Faz tempo que conheço o M. A gente se encontra por aí de vez em quando, troca umas ideias, bate um papinho rápido e até mais. Hoje eu estava no café, numa mesa que dá para a rua, e o vi passar na calçada.
- Grande M! Vem cá tomar um café comigo.
- Bom, se você está pagando.
O M. é um desses sujeitos que parecem estar sempre de bem com a vida, mas desta vez eu o percebi desanimado logo que apertou minha mão e se sentou.
- E aí, rapaz? – ele disse como se não tivesse nada melhor para dizer.
- Dois cafezinhos – pedi à garçonete. – E as novas? – olhei para ele em seguida.
- São velhas – coçou a cabeça. – Tudo na mesma.
Da última vez que a gente se viu, o M. estava com alguns projetos em andamento, mas todos meio que patinando, segundo suas próprias palavras.
- As coisas melhoraram? – perguntei.
- Nada – balançou a cabeça por um tempão. – Acho que pioraram, isso sim.
- Que aconteceu?
- Olha – ele abaixou a cabeça, – quando o dinheiro não entra, meu caro, é foda.
- Ânimo, cara!
- Quando as dívidas começam a te coçar – ele olhou amargamente para mim, – tudo desaba. Márcio – ele pensou um pouco, – você acredita que preciso trocar o colchão e não tenho dinheiro?
- Puxa, eu lamento – despejei o açúcar no café fumegando. – Tem alguma coisa que eu posso fazer por você?
- Se você tivesse grana, sim – ele finalmente riu, – mas como eu sei que você não tem... – riu outra vez.
- A coisa não está fácil pra ninguém, meu caro.
- A gente pensa em cada besteira... – ele estava de cabeça baixa outra vez.
- M. – eu peguei no braço dele, – você tem a vida pela frente, as coisas uma hora melhoram, você vai ver.
- Não sei – ele cruzou os braços. – Mas não tenho uma vida pela frente, não; minha vida está toda aí atrás, já cheguei aos 50!
- Então somos dois.
Tomei o café sentindo um gosto amargo. A verdade é que, como disse, conheço o M. faz tempo. Sei que trabalha desde cedo. Cara dedicado, esforçado, todos que o conhecem dizem que é ótimo profissional e que tem talento. Será que este país não tem espaço para sujeitos experientes que passam dos 50 anos? O mercado será assim tão cruel?
- Quando você olha para trás – ele me disse – e vê quanto trabalhou, é difícil aceitar que nada dê certo pra você.
Ficamos nos olhando por alguns instantes.
- Bom – ele fez um movimento com o braço, – deixa pra lá. E você o que tem feito de bom?
Continuei olhando para o M. O cabelo penteado com gel, uma meia-lua escura sob os olhos, os lábios apertados, uma expressão pesada.
- Hoje cedo, fui buscar minha filha no estágio... – de repente, me peguei falando isso.
- Estágio? Caramba, ela já está na faculdade?
- Sim, está no terceiro ano de psicologia.
- Parabéns, rapaz!
- Bom, eu estava lá esperando minha filha, e bem à minha frente, na calçada, um cachorro preto desses vira-latas brincava com um cara que devia ser ali do bairro. O cachorro se empinava nas pernas dele, corria feito louco para lá e para cá, girava ao redor do cara, o cara fazia carinho em seu focinho, o cachorro voltava a correr, pulava sobre uma touceira de capim e desaparecia atrás de um muro, depois lá estava ele de novo, uma energia impressionante. Repetiu essa correria por várias vezes, acho que ficou ali por uns dez minutos, até parecia sorrir. Engraçado isso, né? Como é fácil perceber um cachorro feliz.
- Isso é verdade – riu o M. – Tenho dois vira-latas...

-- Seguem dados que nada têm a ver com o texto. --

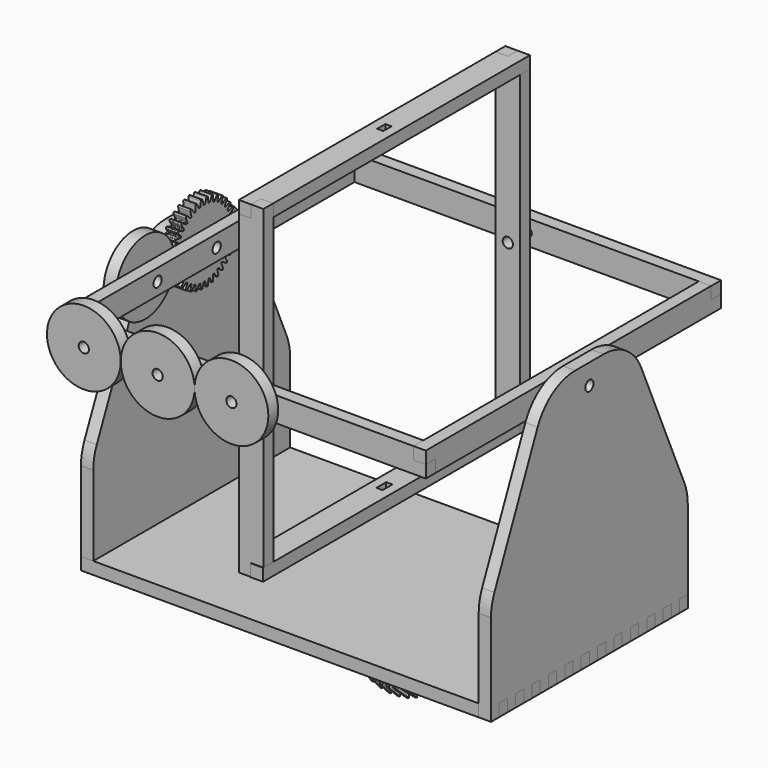
from build123d import *

# Parameters (mm, degrees)
F1_DEPTH  = 6
F2_R      = 2.5
F3_DEPTH  = 6
F4_R      = 2.5
F5_DEPTH  = 6
F6_R      = 2.5
F7_DEPTH  = 6
F8_R      = 2.5
F9_DEPTH  = 6
F10_R     = 2.5
F11_DEPTH = 6
F12_R     = 2.5
F13_DEPTH = 6
F14_R     = 2.5
F15_DEPTH = 6
F16_R     = 2.5
F17_DEPTH = 6
F18_W     = 3
F18_H     = 5
F19_DEPTH = 6
F20_R     = 2.5
F21_DEPTH = 6
F22_W     = 3
F22_H     = 6
F23_DEPTH = 6
F26_R     = 18
F26_R_2   = 2.5
F27_DEPTH = 6
F28_R     = 18
F28_R_2   = 2.5
F29_DEPTH = 6
F30_R     = 18
F30_R_2   = 2.5
F31_DEPTH = 6
F32_R     = 18
F32_R_2   = 2.5
F33_DEPTH = 6
F40_R     = 2.5
F41_DEPTH = 25


# Not quite as in the source:
# - a feature of the source that left no trace in its solid (it failed there, or was rolled back) is left out


with BuildPart() as f1:
    # F0 (on Top) → F1 (new body)
    with BuildSketch(Plane.XY):
        Polygon((100, 55), (100, 60), (-94, 60), (-94, 55), (-100, 55), (-100, 50), (-94, 50), (-94, 45), (-100, 45), (-100, 40), (-94, 40), (-94, 35), (-100, 35), (-100, 30), (-94, 30), (-94, 25), (-100, 25), (-100, 20), (-94, 20), (-94, 15), (-100, 15), (-100, 10), (-94, 10), (-94, 5), (-100, 5), (-100, 0), (-94, 0), (-94, -5), (-100, -5), (-100, -10), (-94, -10), (-94, -15), (-100, -15), (-100, -20), (-94, -20), (-94, -25), (-100, -25), (-100, -30), (-94.03226391, -29.3786096558), (-94.03226391, -34.3786096558), (-100, -35), (-100, -40), (-94, -40), (-94, -45), (-100, -45), (-100, -50), (-94, -50), (-94, -55), (-100, -55), (-100, -60), (94, -60), (94, -55), (100, -55), (100, -50), (94, -50), (94, -45), (100, -45), (100, -40), (94, -40), (94, -35), (100, -35), (100, -30), (94, -30), (94, -25), (100, -25), (100, -20), (94, -20), (94, -15), (100, -15), (100, -10), (94, -10), (94, -5), (100, -5), (100, 0), (94, 0), (94, 5), (100, 5), (100, 10), (94, 10), (94, 15), (100, 15), (100, 20), (94, 20), (94, 25), (100, 25), (100, 30), (94, 30), (94, 35), (100, 35), (100, 40), (94, 40), (94, 45), (100, 45), (100, 50), (94, 50), (94, 55), align=None)
    extrude(amount=F1_DEPTH)


with BuildPart() as f3:
    # F2 (on face) → F3 (new body)
    with BuildSketch(Plane.YZ.offset(100)):
        with BuildLine():
            Line((50, 0), (55, 0))
            Line((55, 0), (55, 6))
            Line((55, 6), (60, 6))
            Line((60, 6), (60, 44.7705385837))
            ThreePointArc((60, 44.7705385837), (59.4703732533, 49.8892134945), (57.9039333726, 54.7910094342))
            Line((57.9039333726, 54.7910094342), (31.5535440029, 115.0204708505))
            ThreePointArc((31.5535440029, 115.0204708505), (22.3333277558, 125.9226166057), (8.6496106304, 130))
            Line((8.6496106304, 130), (-8.6496106304, 130))
            ThreePointArc((-8.6496106304, 130), (-22.3333277558, 125.9226166057), (-31.5535440029, 115.0204708505))
            Line((-31.5535440029, 115.0204708505), (-57.9039333726, 54.7910094342))
            ThreePointArc((-57.9039333726, 54.7910094342), (-59.4703732533, 49.8892134945), (-60, 44.7705385837))
            Line((-60, 44.7705385837), (-60, 0))
            Line((-60, 0), (-55, 0))
            Line((-55, 0), (-55, 6))
            Line((-55, 6), (-50, 6))
            Line((-50, 6), (-50, 0))
            Line((-50, 0), (-45, 0))
            Line((-45, 0), (-45, 6))
            Line((-45, 6), (-40, 6))
            Line((-40, 6), (-40, 0))
            Line((-40, 0), (-35, 0))
            Line((-35, 0), (-35, 6))
            Line((-35, 6), (-30, 6))
            Line((-30, 6), (-30, 0))
            Line((-30, 0), (-25, 0))
            Line((-25, 0), (-25, 6))
            Line((-25, 6), (-20, 6))
            Line((-20, 6), (-20, 0))
            Line((-20, 0), (-15, 0))
            Line((-15, 0), (-15, 6))
            Line((-15, 6), (-10, 6))
            Line((-10, 6), (-10, 0))
            Line((-10, 0), (-5, 0))
            Line((-5, 0), (-5, 6))
            Line((-5, 6), (0, 6))
            Line((0, 6), (0, 0))
            Line((0, 0), (5, 0))
            Line((5, 0), (5, 6))
            Line((5, 6), (10, 6))
            Line((10, 6), (10, 0))
            Line((10, 0), (15, 0))
            Line((15, 0), (15, 6))
            Line((15, 6), (20, 6))
            Line((20, 6), (20, 0))
            Line((20, 0), (25, 0))
            Line((25, 0), (25, 6))
            Line((25, 6), (30, 6))
            Line((30, 6), (30, 0))
            Line((30, 0), (35, 0))
            Line((35, 0), (35, 6))
            Line((35, 6), (40, 6))
            Line((40, 6), (40, 0))
            Line((40, 0), (45, 0))
            Line((45, 0), (45, 6))
            Line((45, 6), (50, 6))
            Line((50, 6), (50, 0))
        make_face()
        with Locations((0, 120)):
            Circle(F2_R, mode=Mode.SUBTRACT)
    extrude(amount=-F3_DEPTH)


with BuildPart() as f5:
    # F4 (on face) → F5 (new body)
    with BuildSketch(Plane(origin=(-100, 0, 0), x_dir=(0, -1, 0), z_dir=(-1, 0, 0))):
        with BuildLine():
            Line((50, 0), (55, 0))
            Line((55, 0), (55, 6))
            Line((55, 6), (60, 6))
            Line((60, 6), (60, 45.0277700469))
            ThreePointArc((60, 45.0277700469), (59.4580269805, 50.2051164927), (57.8556067024, 55.1579843716))
            Line((57.8556067024, 55.1579843716), (31.2743152553, 115.1302143247))
            ThreePointArc((31.2743152553, 115.1302143247), (22.0522085049, 125.9553735128), (8.4187085529, 130))
            Line((8.4187085529, 130), (-8.9065918714, 130))
            ThreePointArc((-8.9065918714, 130), (-22.6250646146, 125.8998446308), (-31.8437077839, 114.9442804474))
            Line((-31.8437077839, 114.9442804474), (-57.9371159125, 54.7581734726))
            ThreePointArc((-57.9371159125, 54.7581734726), (-59.4788469685, 49.8918897851), (-60, 44.8138930252))
            Line((-60, 44.8138930252), (-60, 0))
            Line((-60, 0), (-55, 0))
            Line((-55, 0), (-55, 6))
            Line((-55, 6), (-50, 6))
            Line((-50, 6), (-50, 0))
            Line((-50, 0), (-45, 0))
            Line((-45, 0), (-45, 6))
            Line((-45, 6), (-40, 6))
            Line((-40, 6), (-40, 0))
            Line((-40, 0), (-35, 0))
            Line((-35, 0), (-35, 6))
            Line((-35, 6), (-30, 6))
            Line((-30, 6), (-30, 0))
            Line((-30, 0), (-25, 0))
            Line((-25, 0), (-25, 6))
            Line((-25, 6), (-20, 6))
            Line((-20, 6), (-20, 0))
            Line((-20, 0), (-15, 0))
            Line((-15, 0), (-15, 6))
            Line((-15, 6), (-10, 6))
            Line((-10, 6), (-10, 0))
            Line((-10, 0), (-5, 0))
            Line((-5, 0), (-5, 6))
            Line((-5, 6), (0, 6))
            Line((0, 6), (0, 0))
            Line((0, 0), (5, 0))
            Line((5, 0), (5, 6))
            Line((5, 6), (10, 6))
            Line((10, 6), (10, 0))
            Line((10, 0), (15, 0))
            Line((15, 0), (15, 6))
            Line((15, 6), (20, 6))
            Line((20, 6), (20, 0))
            Line((20, 0), (25, 0))
            Line((25, 0), (25, 6))
            Line((25, 6), (30, 6))
            Line((30, 6), (30, 0))
            Line((30, 0), (35, 0))
            Line((35, 0), (35, 6))
            Line((35, 6), (40, 6))
            Line((40, 6), (40, 0))
            Line((40, 0), (45, 0))
            Line((45, 0), (45, 6))
            Line((45, 6), (50, 6))
            Line((50, 6), (50, 0))
        make_face()
        with Locations((-0.2439416593, 120)):
            Circle(F4_R, mode=Mode.SUBTRACT)
    extrude(amount=-F5_DEPTH)


with BuildPart() as f7:
    # F6 (on face) → F7 (new body)
    with BuildSketch(Plane.YZ.offset(-94)):
        with BuildLine():
            ThreePointArc((-0.9074454432, 138.9766193212), (-1.1059043827, 139.2442584986), (-1.4284580066, 139.3277799904))
            ThreePointArc((-1.4284580066, 139.3277799904), (-1.44687975, 139.326177143), (-1.4652999573, 139.3245567374))
            ThreePointArc((-1.4652999573, 139.3245567374), (-1.7684499121, 139.1862932757), (-1.9174187589, 138.8882581056))
            Line((-1.9174187589, 138.8882581056), (-2.2042135214, 136.5840744477))
            ThreePointArc((-2.2042135214, 136.5840744477), (-2.3348708966, 136.3046577179), (-2.6046356928, 136.1550849487))
            ThreePointArc((-2.6046356928, 136.1550849487), (-2.9092885812, 136.2033723819), (-3.1276325025, 136.4212507668))
            Line((-3.1276325025, 136.4212507668), (-4.1852086494, 138.4883855613))
            ThreePointArc((-4.1852086494, 138.4883855613), (-4.427127607, 138.7174966651), (-4.7592842715, 138.7437384288))
            ThreePointArc((-4.7592842715, 138.7437384288), (-4.7771478157, 138.73896103), (-4.7950067982, 138.7341666066))
            ThreePointArc((-4.7950067982, 138.7341666066), (-5.0695420259, 138.5453622404), (-5.164494437, 138.2259867254))
            Line((-5.164494437, 138.2259867254), (-5.0468148493, 135.9070074068))
            ThreePointArc((-5.0468148493, 135.9070074068), (-5.1269670395, 135.6091472299), (-5.3666604635, 135.415002642))
            ThreePointArc((-5.3666604635, 135.415002642), (-5.6750700147, 135.4096540616), (-5.9279309858, 135.5863073602))
            Line((-5.9279309858, 135.5863073602), (-7.3283943647, 137.4383915618))
            ThreePointArc((-7.3283943647, 137.4383915618), (-7.6064227554, 137.6220131669), (-7.9380900483, 137.5901778597))
            ThreePointArc((-7.9380900483, 137.5901778597), (-7.9548526185, 137.5823710685), (-7.97160774, 137.5745483034))
            ThreePointArc((-7.97160774, 137.5745483034), (-8.2091866266, 137.3409397577), (-8.247237521, 137.0099279613))
            Line((-8.247237521, 137.0099279613), (-7.728659218, 134.7466139953))
            ThreePointArc((-7.728659218, 134.7466139953), (-7.7558708394, 134.439360702), (-7.9582099279, 134.2065432803))
            ThreePointArc((-7.9582099279, 134.2065432803), (-8.2610052737, 134.1477212004), (-8.5407002418, 134.2777818916))
            Line((-8.5407002418, 134.2777818916), (-10.2414984817, 135.8585408589))
            ThreePointArc((-10.2414984817, 135.8585408589), (-10.5471885535, 135.9910937158), (-10.8682889319, 135.9021486375))
            ThreePointArc((-10.8682889319, 135.9021486375), (-10.883441206, 135.8915496592), (-10.8985833706, 135.8809362432))
            ThreePointArc((-10.8985833706, 135.8809362432), (-11.0919872018, 135.6096215955), (-11.0719804224, 135.2770311436))
            Line((-11.0719804224, 135.2770311436), (-10.1682601434, 133.1381521796))
            ThreePointArc((-10.1682601434, 133.1381521796), (-10.1417043847, 132.8308415058), (-10.3005411667, 132.5664252899))
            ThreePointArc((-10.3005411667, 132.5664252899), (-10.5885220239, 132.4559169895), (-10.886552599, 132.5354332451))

- Quando minha filha saiu, dei partida no carro. O homem que brincava com o cachorro já não estava mais lá. E o cachorro tinha desaparecido atrás do muro. Quando, dirigindo, ultrapassei o muro, vi uma casa de madeira muito pobre fincada no lugar, as paredes judiadas, a base da construção com várias partes apodrecidas. O cachorro mora lá.
- É... – o M. cruzou os braços de novo. – E amanhã ele vai fazer tudo de novo, pode acreditar.
- É... – eu também cruzei os meus. – E com a mesma felicidade, independentemente de tudo, né?
- Sem nem se lembrar de hoje.
- Sem nem se lembrar que hoje ele deu mais esperança a uma manhã de outono.
- Você paga? – o M. perguntou.
- Claro, vai lá.
O M. saiu e eu fiquei mais um pouco ali aproveitando um solzinho gostoso das duas e meia. Só então me dei conta que o M. não bebeu seu café. Estava todo na xícara. E lá ficou. Quem é que bebe café frio, afinal?